» Record set:
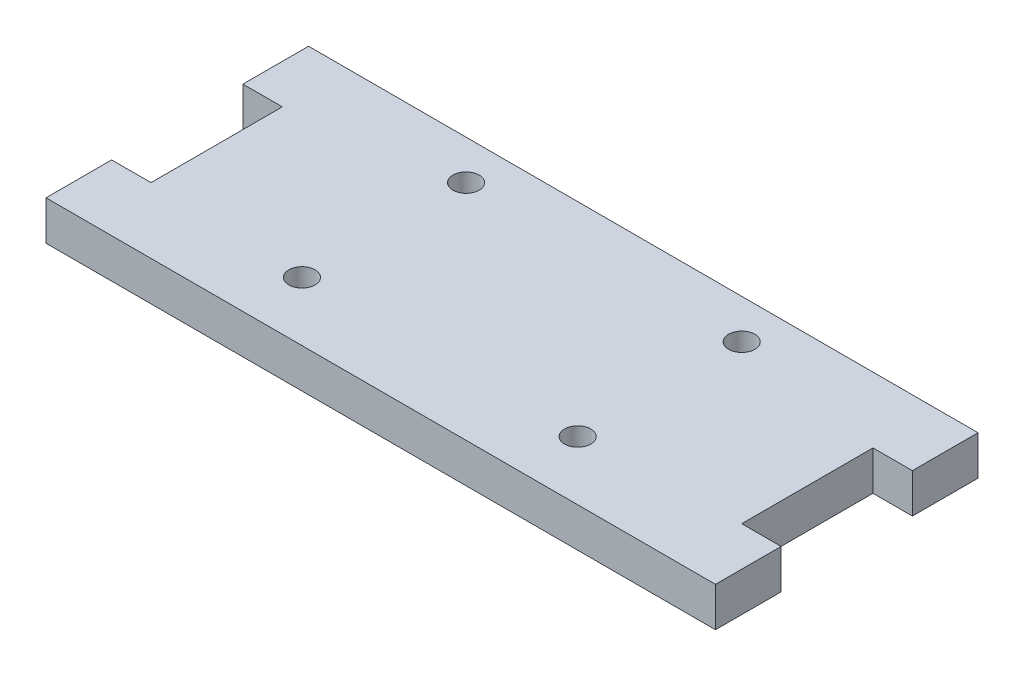
ISO-10303-21;
HEADER;
FILE_DESCRIPTION(('STEP AP214'),'2;1');
FILE_NAME('part.step','',(''),(''),'','','');
FILE_SCHEMA(('AUTOMOTIVE_DESIGN { 1 0 10303 214 1 1 1 1 }'));
ENDSEC;
DATA;
#1=APPLICATION_CONTEXT('core data for automotive mechanical design processes');
#2=APPLICATION_PROTOCOL_DEFINITION('international standard','automotive_design',2000,#1);
#3=PRODUCT_CONTEXT('',#1,'mechanical');
#4=PRODUCT('Part','Part','',(#3));
#5=PRODUCT_RELATED_PRODUCT_CATEGORY('part','',(#4));
#6=PRODUCT_DEFINITION_FORMATION('','',#4);
#7=PRODUCT_DEFINITION_CONTEXT('part definition',#1,'design');
#8=PRODUCT_DEFINITION('design','',#6,#7);
#9=PRODUCT_DEFINITION_SHAPE('','',#8);
#10=(LENGTH_UNIT() NAMED_UNIT(*) SI_UNIT(.MILLI.,.METRE.));
#11=(NAMED_UNIT(*) PLANE_ANGLE_UNIT() SI_UNIT($,.RADIAN.));
#12=(NAMED_UNIT(*) SI_UNIT($,.STERADIAN.) SOLID_ANGLE_UNIT());
#13=UNCERTAINTY_MEASURE_WITH_UNIT(LENGTH_MEASURE(1.E-05),#10,'distance_accuracy_value','');
#14=(GEOMETRIC_REPRESENTATION_CONTEXT(3) GLOBAL_UNCERTAINTY_ASSIGNED_CONTEXT((#13)) GLOBAL_UNIT_ASSIGNED_CONTEXT((#10,
#11,#12)) REPRESENTATION_CONTEXT('',''));
#15=CARTESIAN_POINT('',(0.,0.,0.));
#16=DIRECTION('',(0.,0.,1.));
#17=DIRECTION('',(1.,0.,0.));
#18=AXIS2_PLACEMENT_3D('',#15,#16,#17);
#19=CARTESIAN_POINT('',(0.,3.,-20.));
#20=DIRECTION('',(0.,0.,1.));
#21=DIRECTION('',(1.,0.,0.));
#22=AXIS2_PLACEMENT_3D('',#19,#20,#21);
#23=PLANE('',#22);
#24=DIRECTION('',(-1.,0.,0.));
#25=VECTOR('',#24,1.);
#26=CARTESIAN_POINT('',(0.,0.,-20.));
#27=LINE('',#26,#25);
#28=CARTESIAN_POINT('',(48.,0.,-20.));
#29=VERTEX_POINT('',#28);
#30=CARTESIAN_POINT('',(-3.,0.,-20.));
#31=VERTEX_POINT('',#30);
#32=EDGE_CURVE('E183',#29,#31,#27,.T.);
#33=ORIENTED_EDGE('',*,*,#32,.T.);
#34=DIRECTION('',(0.,-1.,0.));
#35=VECTOR('',#34,1.);
#36=CARTESIAN_POINT('',(-3.,3.,-20.));
#37=LINE('',#36,#35);
#38=CARTESIAN_POINT('',(-3.,3.,-20.));
#39=VERTEX_POINT('',#38);
#40=EDGE_CURVE('E11',#39,#31,#37,.T.);
#41=ORIENTED_EDGE('',*,*,#40,.F.);
#42=DIRECTION('',(-1.,0.,0.));
#43=VECTOR('',#42,1.);
#44=CARTESIAN_POINT('',(0.,3.,-20.));
#45=LINE('',#44,#43);
#46=CARTESIAN_POINT('',(48.,3.,-20.));
#47=VERTEX_POINT('',#46);
#48=EDGE_CURVE('E242',#47,#39,#45,.T.);
#49=ORIENTED_EDGE('',*,*,#48,.F.);
#50=DIRECTION('',(0.,-1.,0.));
#51=VECTOR('',#50,1.);
#52=CARTESIAN_POINT('',(48.,3.,-20.));
#53=LINE('',#52,#51);
#54=EDGE_CURVE('E58',#47,#29,#53,.T.);
#55=ORIENTED_EDGE('',*,*,#54,.T.);
#56=EDGE_LOOP('',(#33,#41,#49,#55));
#57=FACE_BOUND('',#56,.T.);
#58=ADVANCED_FACE('F41',(#57),#23,.F.);
#59=CARTESIAN_POINT('',(-3.,3.,0.));
#60=DIRECTION('',(1.,0.,0.));
#61=DIRECTION('',(0.,0.,-1.));
#62=AXIS2_PLACEMENT_3D('',#59,#60,#61);
#63=PLANE('',#62);
#64=DIRECTION('',(0.,0.,1.));
#65=VECTOR('',#64,1.);
#66=CARTESIAN_POINT('',(-3.,0.,0.));
#67=LINE('',#66,#65);
#68=CARTESIAN_POINT('',(-3.,0.,-15.));
#69=VERTEX_POINT('',#68);
#70=EDGE_CURVE('E186',#31,#69,#67,.T.);
#71=ORIENTED_EDGE('',*,*,#70,.T.);
#72=DIRECTION('',(0.,-1.,0.));
#73=VECTOR('',#72,1.);
#74=CARTESIAN_POINT('',(-3.,3.,-15.));
#75=LINE('',#74,#73);
#76=CARTESIAN_POINT('',(-3.,3.,-15.));
#77=VERTEX_POINT('',#76);
#78=EDGE_CURVE('E50',#77,#69,#75,.T.);
#79=ORIENTED_EDGE('',*,*,#78,.F.);
#80=DIRECTION('',(0.,0.,1.));
#81=VECTOR('',#80,1.);
#82=CARTESIAN_POINT('',(-3.,3.,0.));
#83=LINE('',#82,#81);
#84=EDGE_CURVE('E109',#39,#77,#83,.T.);
#85=ORIENTED_EDGE('',*,*,#84,.F.);
#86=ORIENTED_EDGE('',*,*,#40,.T.);
#87=EDGE_LOOP('',(#71,#79,#85,#86));
#88=FACE_BOUND('',#87,.T.);
#89=ADVANCED_FACE('F274',(#88),#63,.F.);
#90=CARTESIAN_POINT('',(0.,3.,-15.));
#91=DIRECTION('',(0.,0.,1.));
#92=DIRECTION('',(1.,0.,0.));
#93=AXIS2_PLACEMENT_3D('',#90,#91,#92);
#94=PLANE('',#93);
#95=DIRECTION('',(-1.,0.,0.));
#96=VECTOR('',#95,1.);
#97=CARTESIAN_POINT('',(0.,0.,-15.));
#98=LINE('',#97,#96);
#99=CARTESIAN_POINT('',(0.,0.,-15.));
#100=VERTEX_POINT('',#99);
#101=EDGE_CURVE('E190',#100,#69,#98,.T.);
#102=ORIENTED_EDGE('',*,*,#101,.F.);
#103=DIRECTION('',(0.,-1.,0.));
#104=VECTOR('',#103,1.);
#105=CARTESIAN_POINT('',(0.,3.,-15.));
#106=LINE('',#105,#104);
#107=CARTESIAN_POINT('',(0.,3.,-15.));
#108=VERTEX_POINT('',#107);
#109=EDGE_CURVE('E265',#108,#100,#106,.T.);
#110=ORIENTED_EDGE('',*,*,#109,.F.);
#111=DIRECTION('',(-1.,0.,0.));
#112=VECTOR('',#111,1.);
#113=CARTESIAN_POINT('',(0.,3.,-15.));
#114=LINE('',#113,#112);
#115=EDGE_CURVE('E273',#108,#77,#114,.T.);
#116=ORIENTED_EDGE('',*,*,#115,.T.);
#117=ORIENTED_EDGE('',*,*,#78,.T.);
#118=EDGE_LOOP('',(#102,#110,#116,#117));
#119=FACE_BOUND('',#118,.T.);
#120=ADVANCED_FACE('F271',(#119),#94,.T.);
#121=CARTESIAN_POINT('',(0.,3.,0.));
#122=DIRECTION('',(-1.,0.,0.));
#123=DIRECTION('',(0.,0.,1.));
#124=AXIS2_PLACEMENT_3D('',#121,#122,#123);
#125=PLANE('',#124);
#126=DIRECTION('',(0.,0.,-1.));
#127=VECTOR('',#126,1.);
#128=CARTESIAN_POINT('',(0.,0.,0.));
#129=LINE('',#128,#127);
#130=CARTESIAN_POINT('',(0.,0.,-5.));
#131=VERTEX_POINT('',#130);
#132=EDGE_CURVE('E194',#131,#100,#129,.T.);
#133=ORIENTED_EDGE('',*,*,#132,.F.);
#134=DIRECTION('',(0.,-1.,0.));
#135=VECTOR('',#134,1.);
#136=CARTESIAN_POINT('',(0.,3.,-5.));
#137=LINE('',#136,#135);
#138=CARTESIAN_POINT('',(0.,3.,-5.));
#139=VERTEX_POINT('',#138);
#140=EDGE_CURVE('E262',#139,#131,#137,.T.);
#141=ORIENTED_EDGE('',*,*,#140,.F.);
#142=DIRECTION('',(0.,0.,-1.));
#143=VECTOR('',#142,1.);
#144=CARTESIAN_POINT('',(0.,3.,0.));
#145=LINE('',#144,#143);
#146=EDGE_CURVE('E286',#139,#108,#145,.T.);
#147=ORIENTED_EDGE('',*,*,#146,.T.);
#148=ORIENTED_EDGE('',*,*,#109,.T.);
#149=EDGE_LOOP('',(#133,#141,#147,#148));
#150=FACE_BOUND('',#149,.T.);
#151=ADVANCED_FACE('F282',(#150),#125,.T.);
#152=CARTESIAN_POINT('',(0.,3.,-5.));
#153=DIRECTION('',(0.,0.,1.));
#154=DIRECTION('',(1.,0.,0.));
#155=AXIS2_PLACEMENT_3D('',#152,#153,#154);
#156=PLANE('',#155);
#157=DIRECTION('',(-1.,0.,0.));
#158=VECTOR('',#157,1.);
#159=CARTESIAN_POINT('',(0.,0.,-5.));
#160=LINE('',#159,#158);
#161=CARTESIAN_POINT('',(-3.,0.,-5.));
#162=VERTEX_POINT('',#161);
#163=EDGE_CURVE('E198',#131,#162,#160,.T.);
#164=ORIENTED_EDGE('',*,*,#163,.T.);
#165=DIRECTION('',(0.,-1.,0.));
#166=VECTOR('',#165,1.);
#167=CARTESIAN_POINT('',(-3.,3.,-5.));
#168=LINE('',#167,#166);
#169=CARTESIAN_POINT('',(-3.,3.,-5.));
#170=VERTEX_POINT('',#169);
#171=EDGE_CURVE('E259',#170,#162,#168,.T.);
#172=ORIENTED_EDGE('',*,*,#171,.F.);
#173=DIRECTION('',(-1.,0.,0.));
#174=VECTOR('',#173,1.);
#175=CARTESIAN_POINT('',(0.,3.,-5.));
#176=LINE('',#175,#174);
#177=EDGE_CURVE('E291',#139,#170,#176,.T.);
#178=ORIENTED_EDGE('',*,*,#177,.F.);
#179=ORIENTED_EDGE('',*,*,#140,.T.);
#180=EDGE_LOOP('',(#164,#172,#178,#179));
#181=FACE_BOUND('',#180,.T.);
#182=ADVANCED_FACE('F340',(#181),#156,.F.);
#183=CARTESIAN_POINT('',(-3.,3.,0.));
#184=DIRECTION('',(-1.,0.,0.));
#185=DIRECTION('',(0.,0.,1.));
#186=AXIS2_PLACEMENT_3D('',#183,#184,#185);
#187=PLANE('',#186);
#188=DIRECTION('',(0.,0.,-1.));
#189=VECTOR('',#188,1.);
#190=CARTESIAN_POINT('',(-3.,0.,0.));
#191=LINE('',#190,#189);
#192=CARTESIAN_POINT('',(-3.,0.,0.));
#193=VERTEX_POINT('',#192);
#194=EDGE_CURVE('E202',#193,#162,#191,.T.);
#195=ORIENTED_EDGE('',*,*,#194,.F.);
#196=DIRECTION('',(0.,-1.,0.));
#197=VECTOR('',#196,1.);
#198=CARTESIAN_POINT('',(-3.,3.,0.));
#199=LINE('',#198,#197);
#200=CARTESIAN_POINT('',(-3.,3.,0.));
#201=VERTEX_POINT('',#200);
#202=EDGE_CURVE('E256',#201,#193,#199,.T.);
#203=ORIENTED_EDGE('',*,*,#202,.F.);
#204=DIRECTION('',(0.,0.,-1.));
#205=VECTOR('',#204,1.);
#206=CARTESIAN_POINT('',(-3.,3.,0.));
#207=LINE('',#206,#205);
#208=EDGE_CURVE('E298',#201,#170,#207,.T.);
#209=ORIENTED_EDGE('',*,*,#208,.T.);
#210=ORIENTED_EDGE('',*,*,#171,.T.);
#211=EDGE_LOOP('',(#195,#203,#209,#210));
#212=FACE_BOUND('',#211,.T.);
#213=ADVANCED_FACE('F343',(#212),#187,.T.);
#214=CARTESIAN_POINT('',(0.,3.,0.));
#215=DIRECTION('',(0.,0.,-1.));
#216=DIRECTION('',(-1.,0.,0.));
#217=AXIS2_PLACEMENT_3D('',#214,#215,#216);
#218=PLANE('',#217);
#219=DIRECTION('',(1.,0.,0.));
#220=VECTOR('',#219,1.);
#221=CARTESIAN_POINT('',(0.,0.,0.));
#222=LINE('',#221,#220);
#223=CARTESIAN_POINT('',(48.,0.,0.));
#224=VERTEX_POINT('',#223);
#225=EDGE_CURVE('E206',#193,#224,#222,.T.);
#226=ORIENTED_EDGE('',*,*,#225,.T.);
#227=DIRECTION('',(0.,-1.,0.));
#228=VECTOR('',#227,1.);
#229=CARTESIAN_POINT('',(48.,3.,0.));
#230=LINE('',#229,#228);
#231=CARTESIAN_POINT('',(48.,3.,0.));
#232=VERTEX_POINT('',#231);
#233=EDGE_CURVE('E252',#232,#224,#230,.T.);
#234=ORIENTED_EDGE('',*,*,#233,.F.);
#235=DIRECTION('',(1.,0.,0.));
#236=VECTOR('',#235,1.);
#237=CARTESIAN_POINT('',(0.,3.,0.));
#238=LINE('',#237,#236);
#239=EDGE_CURVE('E302',#201,#232,#238,.T.);
#240=ORIENTED_EDGE('',*,*,#239,.F.);
#241=ORIENTED_EDGE('',*,*,#202,.T.);
#242=EDGE_LOOP('',(#226,#234,#240,#241));
#243=FACE_BOUND('',#242,.T.);
#244=ADVANCED_FACE('F347',(#243),#218,.F.);
#245=CARTESIAN_POINT('',(48.,3.,0.));
#246=DIRECTION('',(-1.,0.,0.));
#247=DIRECTION('',(0.,0.,1.));
#248=AXIS2_PLACEMENT_3D('',#245,#246,#247);
#249=PLANE('',#248);
#250=DIRECTION('',(0.,0.,-1.));
#251=VECTOR('',#250,1.);
#252=CARTESIAN_POINT('',(48.,0.,0.));
#253=LINE('',#252,#251);
#254=CARTESIAN_POINT('',(48.,0.,-5.00000000000001));
#255=VERTEX_POINT('',#254);
#256=EDGE_CURVE('E209',#224,#255,#253,.T.);
#257=ORIENTED_EDGE('',*,*,#256,.T.);
#258=DIRECTION('',(0.,-1.,0.));
#259=VECTOR('',#258,1.);
#260=CARTESIAN_POINT('',(48.,3.,-5.00000000000001));
#261=LINE('',#260,#259);
#262=CARTESIAN_POINT('',(48.,3.,-5.00000000000001));
#263=VERTEX_POINT('',#262);
#264=EDGE_CURVE('E249',#263,#255,#261,.T.);
#265=ORIENTED_EDGE('',*,*,#264,.F.);
#266=DIRECTION('',(0.,0.,-1.));
#267=VECTOR('',#266,1.);
#268=CARTESIAN_POINT('',(48.,3.,0.));
#269=LINE('',#268,#267);
#270=EDGE_CURVE('E305',#232,#263,#269,.T.);
#271=ORIENTED_EDGE('',*,*,#270,.F.);
#272=ORIENTED_EDGE('',*,*,#233,.T.);
#273=EDGE_LOOP('',(#257,#265,#271,#272));
#274=FACE_BOUND('',#273,.T.);
#275=ADVANCED_FACE('F351',(#274),#249,.F.);
#276=CARTESIAN_POINT('',(0.,3.,-4.99999999999995));
#277=DIRECTION('',(0.,0.,-1.));
#278=DIRECTION('',(-1.,0.,0.));
#279=AXIS2_PLACEMENT_3D('',#276,#277,#278);
#280=PLANE('',#279);
#281=DIRECTION('',(1.,0.,0.));
#282=VECTOR('',#281,1.);
#283=CARTESIAN_POINT('',(0.,0.,-4.99999999999995));
#284=LINE('',#283,#282);
#285=CARTESIAN_POINT('',(45.,0.,-5.00000000000001));
#286=VERTEX_POINT('',#285);
#287=EDGE_CURVE('E213',#286,#255,#284,.T.);
#288=ORIENTED_EDGE('',*,*,#287,.F.);
#289=DIRECTION('',(0.,-1.,0.));
#290=VECTOR('',#289,1.);
#291=CARTESIAN_POINT('',(45.,3.,-5.00000000000001));
#292=LINE('',#291,#290);
#293=CARTESIAN_POINT('',(45.,3.,-5.00000000000001));
#294=VERTEX_POINT('',#293);
#295=EDGE_CURVE('E157',#294,#286,#292,.T.);
#296=ORIENTED_EDGE('',*,*,#295,.F.);
#297=DIRECTION('',(1.,0.,0.));
#298=VECTOR('',#297,1.);
#299=CARTESIAN_POINT('',(0.,3.,-4.99999999999995));
#300=LINE('',#299,#298);
#301=EDGE_CURVE('E145',#294,#263,#300,.T.);
#302=ORIENTED_EDGE('',*,*,#301,.T.);
#303=ORIENTED_EDGE('',*,*,#264,.T.);
#304=EDGE_LOOP('',(#288,#296,#302,#303));
#305=FACE_BOUND('',#304,.T.);
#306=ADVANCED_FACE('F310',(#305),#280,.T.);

» Task description:
All lines above between those holding "#142=DIRECTION('',(0.,0.,-1.));" and "#160=LINE('',#159,#158);", inclusive, must be set down unchanged, and no other line may be included.

» Exercise answer:
#142=DIRECTION('',(0.,0.,-1.));
#143=VECTOR('',#142,1.);
#144=CARTESIAN_POINT('',(0.,3.,0.));
#145=LINE('',#144,#143);
#146=EDGE_CURVE('E286',#139,#108,#145,.T.);
#147=ORIENTED_EDGE('',*,*,#146,.T.);
#148=ORIENTED_EDGE('',*,*,#109,.T.);
#149=EDGE_LOOP('',(#133,#141,#147,#148));
#150=FACE_BOUND('',#149,.T.);
#151=ADVANCED_FACE('F282',(#150),#125,.T.);
#152=CARTESIAN_POINT('',(0.,3.,-5.));
#153=DIRECTION('',(0.,0.,1.));
#154=DIRECTION('',(1.,0.,0.));
#155=AXIS2_PLACEMENT_3D('',#152,#153,#154);
#156=PLANE('',#155);
#157=DIRECTION('',(-1.,0.,0.));
#158=VECTOR('',#157,1.);
#159=CARTESIAN_POINT('',(0.,0.,-5.));
#160=LINE('',#159,#158);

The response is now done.